Azáfama e a criação do universo
Vinha esses dias matutando a ideia de me inscrever em um concurso literário que lançou no início de fevereiro. Faz uma semana que soube da abertura e, desde então, o link jaz marcado na barra de favoritos. Tenho um manuscrito mal organizado nos documentos, tempo ocioso o suficiente para dar uma polida e enviar antes de encerrar o prazo da entrega, mas não consigo sair do canto.
Se estivesse em terapia, certamente teria escutado mais uma vez sobre como a minha sabotagem me faz a criatura mais exaurida do mundo quando preciso diligenciar algo relacionado à minha felicidade. A ironia é que escrevo quase diariamente e, quando me disponho a fazer de forma despretensiosa, a fonte de energia motriz é inesgotável. Posso passar horas escrevendo se a sombra de uma expectativa não estiver presente em minha mente.

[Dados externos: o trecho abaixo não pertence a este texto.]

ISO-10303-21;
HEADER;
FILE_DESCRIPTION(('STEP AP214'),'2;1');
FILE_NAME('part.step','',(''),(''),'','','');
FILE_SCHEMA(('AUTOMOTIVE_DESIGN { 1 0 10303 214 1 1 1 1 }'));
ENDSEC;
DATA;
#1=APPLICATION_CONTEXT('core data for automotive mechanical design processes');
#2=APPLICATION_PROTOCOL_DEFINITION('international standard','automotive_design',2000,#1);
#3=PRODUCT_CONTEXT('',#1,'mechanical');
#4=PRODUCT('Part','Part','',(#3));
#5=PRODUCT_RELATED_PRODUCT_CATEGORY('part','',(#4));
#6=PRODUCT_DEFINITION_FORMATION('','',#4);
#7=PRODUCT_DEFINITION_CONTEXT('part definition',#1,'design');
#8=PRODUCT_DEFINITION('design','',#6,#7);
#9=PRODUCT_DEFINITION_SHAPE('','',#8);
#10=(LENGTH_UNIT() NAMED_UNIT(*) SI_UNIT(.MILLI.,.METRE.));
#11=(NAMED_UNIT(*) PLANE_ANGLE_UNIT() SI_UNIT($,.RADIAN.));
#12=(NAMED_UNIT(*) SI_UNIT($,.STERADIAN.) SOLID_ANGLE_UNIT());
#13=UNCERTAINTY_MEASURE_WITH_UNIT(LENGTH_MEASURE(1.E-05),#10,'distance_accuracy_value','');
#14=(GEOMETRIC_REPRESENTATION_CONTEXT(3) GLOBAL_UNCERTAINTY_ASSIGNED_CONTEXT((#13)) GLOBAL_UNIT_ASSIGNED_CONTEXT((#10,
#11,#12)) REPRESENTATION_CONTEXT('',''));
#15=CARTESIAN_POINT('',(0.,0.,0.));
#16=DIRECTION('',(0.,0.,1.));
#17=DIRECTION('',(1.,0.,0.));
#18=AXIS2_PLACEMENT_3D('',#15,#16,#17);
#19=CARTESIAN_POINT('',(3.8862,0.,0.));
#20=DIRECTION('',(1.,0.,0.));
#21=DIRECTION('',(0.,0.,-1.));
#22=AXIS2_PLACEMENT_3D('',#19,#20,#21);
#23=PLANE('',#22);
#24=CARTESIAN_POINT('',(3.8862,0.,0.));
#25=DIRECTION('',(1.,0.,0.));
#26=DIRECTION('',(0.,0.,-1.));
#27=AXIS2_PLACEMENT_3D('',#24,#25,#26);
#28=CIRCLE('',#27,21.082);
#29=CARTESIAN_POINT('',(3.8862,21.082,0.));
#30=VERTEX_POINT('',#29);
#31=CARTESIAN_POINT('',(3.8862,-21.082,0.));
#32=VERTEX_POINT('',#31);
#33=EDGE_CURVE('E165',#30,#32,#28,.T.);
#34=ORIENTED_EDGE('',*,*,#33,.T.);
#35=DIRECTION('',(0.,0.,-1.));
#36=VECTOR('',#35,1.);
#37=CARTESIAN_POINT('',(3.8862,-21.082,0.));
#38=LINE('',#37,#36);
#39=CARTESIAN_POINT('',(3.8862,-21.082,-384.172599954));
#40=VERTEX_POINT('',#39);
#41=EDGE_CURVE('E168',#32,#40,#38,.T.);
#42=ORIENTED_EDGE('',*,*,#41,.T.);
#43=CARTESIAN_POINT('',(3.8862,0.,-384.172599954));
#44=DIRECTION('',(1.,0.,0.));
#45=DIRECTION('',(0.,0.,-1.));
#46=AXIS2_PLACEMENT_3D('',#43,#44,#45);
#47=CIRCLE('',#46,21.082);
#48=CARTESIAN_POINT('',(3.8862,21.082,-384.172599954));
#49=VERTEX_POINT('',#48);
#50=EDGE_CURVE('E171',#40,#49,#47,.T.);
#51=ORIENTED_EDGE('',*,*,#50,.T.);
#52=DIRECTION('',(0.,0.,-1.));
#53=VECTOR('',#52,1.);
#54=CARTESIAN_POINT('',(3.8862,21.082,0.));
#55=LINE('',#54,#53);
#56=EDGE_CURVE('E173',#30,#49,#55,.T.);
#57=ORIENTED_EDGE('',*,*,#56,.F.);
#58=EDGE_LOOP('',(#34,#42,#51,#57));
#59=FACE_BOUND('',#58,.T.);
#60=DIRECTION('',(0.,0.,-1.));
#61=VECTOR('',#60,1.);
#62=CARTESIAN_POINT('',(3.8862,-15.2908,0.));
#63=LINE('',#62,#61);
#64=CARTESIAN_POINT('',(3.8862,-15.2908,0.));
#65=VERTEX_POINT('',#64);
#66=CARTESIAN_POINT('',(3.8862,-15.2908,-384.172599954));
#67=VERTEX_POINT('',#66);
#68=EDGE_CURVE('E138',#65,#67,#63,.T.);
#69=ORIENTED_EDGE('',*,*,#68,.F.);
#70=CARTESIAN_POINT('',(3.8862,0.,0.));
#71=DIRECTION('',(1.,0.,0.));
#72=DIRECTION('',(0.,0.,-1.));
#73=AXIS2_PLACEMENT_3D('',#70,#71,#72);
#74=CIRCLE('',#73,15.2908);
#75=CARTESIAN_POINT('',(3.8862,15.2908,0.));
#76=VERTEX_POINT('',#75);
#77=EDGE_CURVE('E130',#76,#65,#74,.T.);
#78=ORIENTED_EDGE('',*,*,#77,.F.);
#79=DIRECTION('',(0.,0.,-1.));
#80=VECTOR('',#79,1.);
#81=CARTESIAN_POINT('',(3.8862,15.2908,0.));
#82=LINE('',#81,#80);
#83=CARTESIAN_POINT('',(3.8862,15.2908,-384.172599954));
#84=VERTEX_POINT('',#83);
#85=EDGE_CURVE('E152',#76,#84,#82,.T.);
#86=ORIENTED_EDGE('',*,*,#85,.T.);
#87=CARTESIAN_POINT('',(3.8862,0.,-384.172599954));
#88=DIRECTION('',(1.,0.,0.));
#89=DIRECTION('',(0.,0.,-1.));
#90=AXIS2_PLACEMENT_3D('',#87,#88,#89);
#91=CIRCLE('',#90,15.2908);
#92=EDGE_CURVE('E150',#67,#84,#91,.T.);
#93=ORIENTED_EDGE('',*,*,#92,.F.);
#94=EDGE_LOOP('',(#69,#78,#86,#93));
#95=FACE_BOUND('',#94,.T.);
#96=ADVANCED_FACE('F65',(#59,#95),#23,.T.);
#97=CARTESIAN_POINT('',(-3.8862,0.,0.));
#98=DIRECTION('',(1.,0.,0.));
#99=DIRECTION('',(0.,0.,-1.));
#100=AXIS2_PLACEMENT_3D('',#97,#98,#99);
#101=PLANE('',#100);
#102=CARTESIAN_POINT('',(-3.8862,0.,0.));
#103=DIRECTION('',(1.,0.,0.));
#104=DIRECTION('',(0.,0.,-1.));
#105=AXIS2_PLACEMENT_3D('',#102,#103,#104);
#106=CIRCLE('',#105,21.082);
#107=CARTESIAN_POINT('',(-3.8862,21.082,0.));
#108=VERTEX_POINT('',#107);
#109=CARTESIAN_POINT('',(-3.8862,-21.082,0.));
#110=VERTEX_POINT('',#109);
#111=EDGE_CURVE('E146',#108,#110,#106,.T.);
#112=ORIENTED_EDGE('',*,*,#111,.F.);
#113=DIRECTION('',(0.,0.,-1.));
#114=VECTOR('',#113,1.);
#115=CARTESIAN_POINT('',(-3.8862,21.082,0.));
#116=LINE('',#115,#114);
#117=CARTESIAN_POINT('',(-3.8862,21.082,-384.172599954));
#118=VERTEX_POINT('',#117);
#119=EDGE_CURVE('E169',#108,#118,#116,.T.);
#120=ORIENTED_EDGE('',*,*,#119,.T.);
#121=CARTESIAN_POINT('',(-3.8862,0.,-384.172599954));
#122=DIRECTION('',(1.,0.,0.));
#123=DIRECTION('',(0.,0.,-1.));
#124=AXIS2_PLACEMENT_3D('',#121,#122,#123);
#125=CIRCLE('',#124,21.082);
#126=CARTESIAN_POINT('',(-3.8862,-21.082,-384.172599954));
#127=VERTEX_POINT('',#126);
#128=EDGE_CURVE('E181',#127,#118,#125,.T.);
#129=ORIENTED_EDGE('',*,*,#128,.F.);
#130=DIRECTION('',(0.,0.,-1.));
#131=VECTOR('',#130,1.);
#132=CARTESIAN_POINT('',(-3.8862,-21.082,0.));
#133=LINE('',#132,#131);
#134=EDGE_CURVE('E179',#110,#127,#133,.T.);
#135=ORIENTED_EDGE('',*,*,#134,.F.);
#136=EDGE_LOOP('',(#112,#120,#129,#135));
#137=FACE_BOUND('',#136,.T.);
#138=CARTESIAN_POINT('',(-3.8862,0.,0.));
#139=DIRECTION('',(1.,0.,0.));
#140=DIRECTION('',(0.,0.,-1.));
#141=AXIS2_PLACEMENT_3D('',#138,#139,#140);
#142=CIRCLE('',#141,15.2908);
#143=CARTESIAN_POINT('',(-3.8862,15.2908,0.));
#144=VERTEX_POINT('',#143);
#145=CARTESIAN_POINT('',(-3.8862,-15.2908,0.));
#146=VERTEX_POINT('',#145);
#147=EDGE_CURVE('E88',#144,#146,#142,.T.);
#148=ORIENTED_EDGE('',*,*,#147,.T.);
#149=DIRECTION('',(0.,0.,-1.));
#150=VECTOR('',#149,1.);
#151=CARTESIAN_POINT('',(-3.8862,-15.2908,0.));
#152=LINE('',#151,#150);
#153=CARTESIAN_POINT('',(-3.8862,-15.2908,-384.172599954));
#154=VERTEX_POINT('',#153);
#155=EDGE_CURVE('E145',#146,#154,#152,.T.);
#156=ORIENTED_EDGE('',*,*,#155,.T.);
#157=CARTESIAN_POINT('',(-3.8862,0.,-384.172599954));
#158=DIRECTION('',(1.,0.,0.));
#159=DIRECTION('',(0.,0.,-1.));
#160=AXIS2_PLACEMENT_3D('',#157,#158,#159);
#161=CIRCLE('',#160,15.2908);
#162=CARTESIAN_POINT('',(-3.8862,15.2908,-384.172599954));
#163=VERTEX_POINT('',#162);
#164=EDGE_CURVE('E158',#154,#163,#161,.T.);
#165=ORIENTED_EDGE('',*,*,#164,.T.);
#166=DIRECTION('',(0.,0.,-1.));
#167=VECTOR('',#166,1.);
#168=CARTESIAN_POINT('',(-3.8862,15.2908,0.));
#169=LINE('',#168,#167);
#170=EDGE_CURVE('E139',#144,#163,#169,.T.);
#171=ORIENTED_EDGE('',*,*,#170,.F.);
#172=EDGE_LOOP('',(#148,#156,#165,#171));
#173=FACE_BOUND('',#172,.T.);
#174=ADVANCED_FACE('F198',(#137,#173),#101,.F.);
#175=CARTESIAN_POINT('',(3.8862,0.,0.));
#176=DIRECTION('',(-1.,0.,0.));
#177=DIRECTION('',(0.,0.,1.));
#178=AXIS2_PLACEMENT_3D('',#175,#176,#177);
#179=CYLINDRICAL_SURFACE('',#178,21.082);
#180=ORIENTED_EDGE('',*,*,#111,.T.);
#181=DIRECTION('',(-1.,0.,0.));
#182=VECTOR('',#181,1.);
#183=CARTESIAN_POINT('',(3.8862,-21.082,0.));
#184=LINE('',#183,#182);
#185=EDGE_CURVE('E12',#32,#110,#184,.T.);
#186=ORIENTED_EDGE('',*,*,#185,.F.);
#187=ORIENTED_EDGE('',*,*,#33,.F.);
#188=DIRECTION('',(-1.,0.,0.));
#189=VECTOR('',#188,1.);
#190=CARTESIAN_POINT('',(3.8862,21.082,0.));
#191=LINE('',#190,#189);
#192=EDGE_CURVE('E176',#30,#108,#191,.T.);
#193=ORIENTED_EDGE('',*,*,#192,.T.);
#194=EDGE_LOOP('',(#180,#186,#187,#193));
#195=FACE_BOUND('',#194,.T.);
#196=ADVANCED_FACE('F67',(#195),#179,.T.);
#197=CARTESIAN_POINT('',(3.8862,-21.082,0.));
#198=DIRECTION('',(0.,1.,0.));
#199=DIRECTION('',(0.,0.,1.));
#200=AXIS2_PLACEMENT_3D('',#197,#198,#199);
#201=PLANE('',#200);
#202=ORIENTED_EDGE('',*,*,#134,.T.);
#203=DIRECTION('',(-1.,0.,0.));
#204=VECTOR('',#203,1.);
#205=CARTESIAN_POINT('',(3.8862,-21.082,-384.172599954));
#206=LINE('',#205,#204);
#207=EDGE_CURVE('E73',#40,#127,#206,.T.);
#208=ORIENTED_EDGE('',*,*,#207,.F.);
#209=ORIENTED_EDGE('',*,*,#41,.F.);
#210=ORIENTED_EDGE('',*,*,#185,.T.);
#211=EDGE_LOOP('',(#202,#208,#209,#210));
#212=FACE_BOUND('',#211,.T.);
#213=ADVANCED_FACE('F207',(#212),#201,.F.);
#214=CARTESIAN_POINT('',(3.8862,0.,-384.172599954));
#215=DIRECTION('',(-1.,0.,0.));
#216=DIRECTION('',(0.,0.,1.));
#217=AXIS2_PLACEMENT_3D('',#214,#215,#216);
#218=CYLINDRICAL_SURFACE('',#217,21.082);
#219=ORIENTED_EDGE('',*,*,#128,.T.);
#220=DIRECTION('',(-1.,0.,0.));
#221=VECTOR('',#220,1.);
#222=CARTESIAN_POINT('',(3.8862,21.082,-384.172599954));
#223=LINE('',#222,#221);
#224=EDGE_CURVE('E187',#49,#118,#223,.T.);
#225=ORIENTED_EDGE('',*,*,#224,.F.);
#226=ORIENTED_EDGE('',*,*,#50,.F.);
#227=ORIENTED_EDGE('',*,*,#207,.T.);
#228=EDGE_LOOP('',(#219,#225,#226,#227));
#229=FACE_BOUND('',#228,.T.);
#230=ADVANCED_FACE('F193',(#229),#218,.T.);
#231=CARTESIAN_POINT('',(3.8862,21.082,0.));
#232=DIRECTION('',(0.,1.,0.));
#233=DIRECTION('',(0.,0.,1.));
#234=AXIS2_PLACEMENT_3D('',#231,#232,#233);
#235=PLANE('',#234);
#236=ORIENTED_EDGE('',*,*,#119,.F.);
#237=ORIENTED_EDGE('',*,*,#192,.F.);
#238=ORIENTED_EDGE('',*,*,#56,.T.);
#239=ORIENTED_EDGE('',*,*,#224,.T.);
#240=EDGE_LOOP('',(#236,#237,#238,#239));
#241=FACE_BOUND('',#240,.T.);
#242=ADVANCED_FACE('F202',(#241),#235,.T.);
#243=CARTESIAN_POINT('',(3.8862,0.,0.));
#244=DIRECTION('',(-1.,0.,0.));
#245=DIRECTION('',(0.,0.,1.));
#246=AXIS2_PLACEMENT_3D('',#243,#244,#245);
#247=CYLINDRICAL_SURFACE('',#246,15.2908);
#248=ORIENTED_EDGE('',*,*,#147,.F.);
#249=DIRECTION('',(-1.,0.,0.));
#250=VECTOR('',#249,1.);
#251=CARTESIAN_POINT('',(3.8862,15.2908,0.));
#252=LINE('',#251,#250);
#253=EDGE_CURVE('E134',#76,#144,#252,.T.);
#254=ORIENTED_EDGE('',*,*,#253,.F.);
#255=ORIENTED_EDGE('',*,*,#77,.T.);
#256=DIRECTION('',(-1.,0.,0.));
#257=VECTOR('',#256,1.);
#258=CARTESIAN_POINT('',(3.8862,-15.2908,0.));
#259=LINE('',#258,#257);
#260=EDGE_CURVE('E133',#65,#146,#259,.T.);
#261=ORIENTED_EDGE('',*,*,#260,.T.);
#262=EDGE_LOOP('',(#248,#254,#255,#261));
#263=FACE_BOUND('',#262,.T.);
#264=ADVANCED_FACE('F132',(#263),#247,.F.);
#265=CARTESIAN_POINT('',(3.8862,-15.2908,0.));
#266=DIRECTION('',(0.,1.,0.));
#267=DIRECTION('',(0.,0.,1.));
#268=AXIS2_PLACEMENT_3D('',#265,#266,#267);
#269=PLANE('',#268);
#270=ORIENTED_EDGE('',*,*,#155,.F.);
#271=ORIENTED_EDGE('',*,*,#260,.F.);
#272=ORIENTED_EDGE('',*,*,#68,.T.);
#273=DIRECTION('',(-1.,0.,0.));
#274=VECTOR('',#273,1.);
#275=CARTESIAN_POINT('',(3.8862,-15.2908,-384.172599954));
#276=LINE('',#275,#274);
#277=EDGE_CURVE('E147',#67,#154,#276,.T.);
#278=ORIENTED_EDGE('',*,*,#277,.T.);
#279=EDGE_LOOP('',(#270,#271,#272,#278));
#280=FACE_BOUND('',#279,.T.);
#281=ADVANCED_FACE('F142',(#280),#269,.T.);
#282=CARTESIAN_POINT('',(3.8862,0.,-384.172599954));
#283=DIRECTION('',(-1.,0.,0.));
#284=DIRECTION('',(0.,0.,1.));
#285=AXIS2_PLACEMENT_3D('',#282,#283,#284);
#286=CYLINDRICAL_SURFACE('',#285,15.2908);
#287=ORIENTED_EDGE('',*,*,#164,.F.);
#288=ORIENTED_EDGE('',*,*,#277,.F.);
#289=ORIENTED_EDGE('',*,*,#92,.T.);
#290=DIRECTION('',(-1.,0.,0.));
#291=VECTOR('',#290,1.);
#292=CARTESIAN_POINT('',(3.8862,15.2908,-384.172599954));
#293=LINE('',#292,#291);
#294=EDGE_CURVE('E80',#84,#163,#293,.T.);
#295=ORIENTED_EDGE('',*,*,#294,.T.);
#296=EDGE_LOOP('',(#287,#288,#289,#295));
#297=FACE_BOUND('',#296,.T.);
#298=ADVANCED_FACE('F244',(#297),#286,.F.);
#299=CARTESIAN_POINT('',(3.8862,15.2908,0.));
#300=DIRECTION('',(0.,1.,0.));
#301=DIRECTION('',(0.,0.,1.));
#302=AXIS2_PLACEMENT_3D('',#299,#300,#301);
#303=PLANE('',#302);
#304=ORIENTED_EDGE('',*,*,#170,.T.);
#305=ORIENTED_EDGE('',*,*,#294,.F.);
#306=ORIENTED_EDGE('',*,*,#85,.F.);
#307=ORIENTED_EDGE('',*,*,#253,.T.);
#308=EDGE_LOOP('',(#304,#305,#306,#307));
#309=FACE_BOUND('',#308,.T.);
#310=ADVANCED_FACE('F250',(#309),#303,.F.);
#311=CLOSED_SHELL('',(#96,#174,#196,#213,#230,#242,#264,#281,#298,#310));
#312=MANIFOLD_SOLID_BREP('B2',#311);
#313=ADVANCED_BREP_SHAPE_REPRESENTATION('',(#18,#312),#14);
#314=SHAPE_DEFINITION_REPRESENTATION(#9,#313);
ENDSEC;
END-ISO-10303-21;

Escrevo sobretudo para o eu consciência, para o eu que assisto e que não sinto existir, para quem me lê anonimamente durante o tempo remunerado, para os que desejo que continuem me vendo da forma como gostariam que fosse, mas principalmente para os entediados. Vê, tenho o dom de entreter, principalmente quando estou triste. Isso não quer dizer que não o faça alegre. O que escrevo não necessariamente se passa no tempo presente, ou seja sobre mim, ou sobre essa existência. O que importa é o que habita na história, a vida que nasce quando palavras são despejadas em uma tela em branco e depois lidas.
O que me faz questionar como e o que Deus sentiu ao escrever o universo, se o fez sendo criança, adulto ou um velho. Ou se o escreveu como a santíssima trindade se explica. Talvez, assim como eu, o fez em prol dos entediados.
Ainda sobre o manuscrito que gostaria de enviar, tenho tudo arquitetadamente montado, perfeitamente construído no plano mental. O pensamento de transformar a ideia em objeto palpável tem me tornado o ser mais organizado e caprichoso para com os afazeres domésticos. O arquivo continua inacabado, mas a casa está um brinco.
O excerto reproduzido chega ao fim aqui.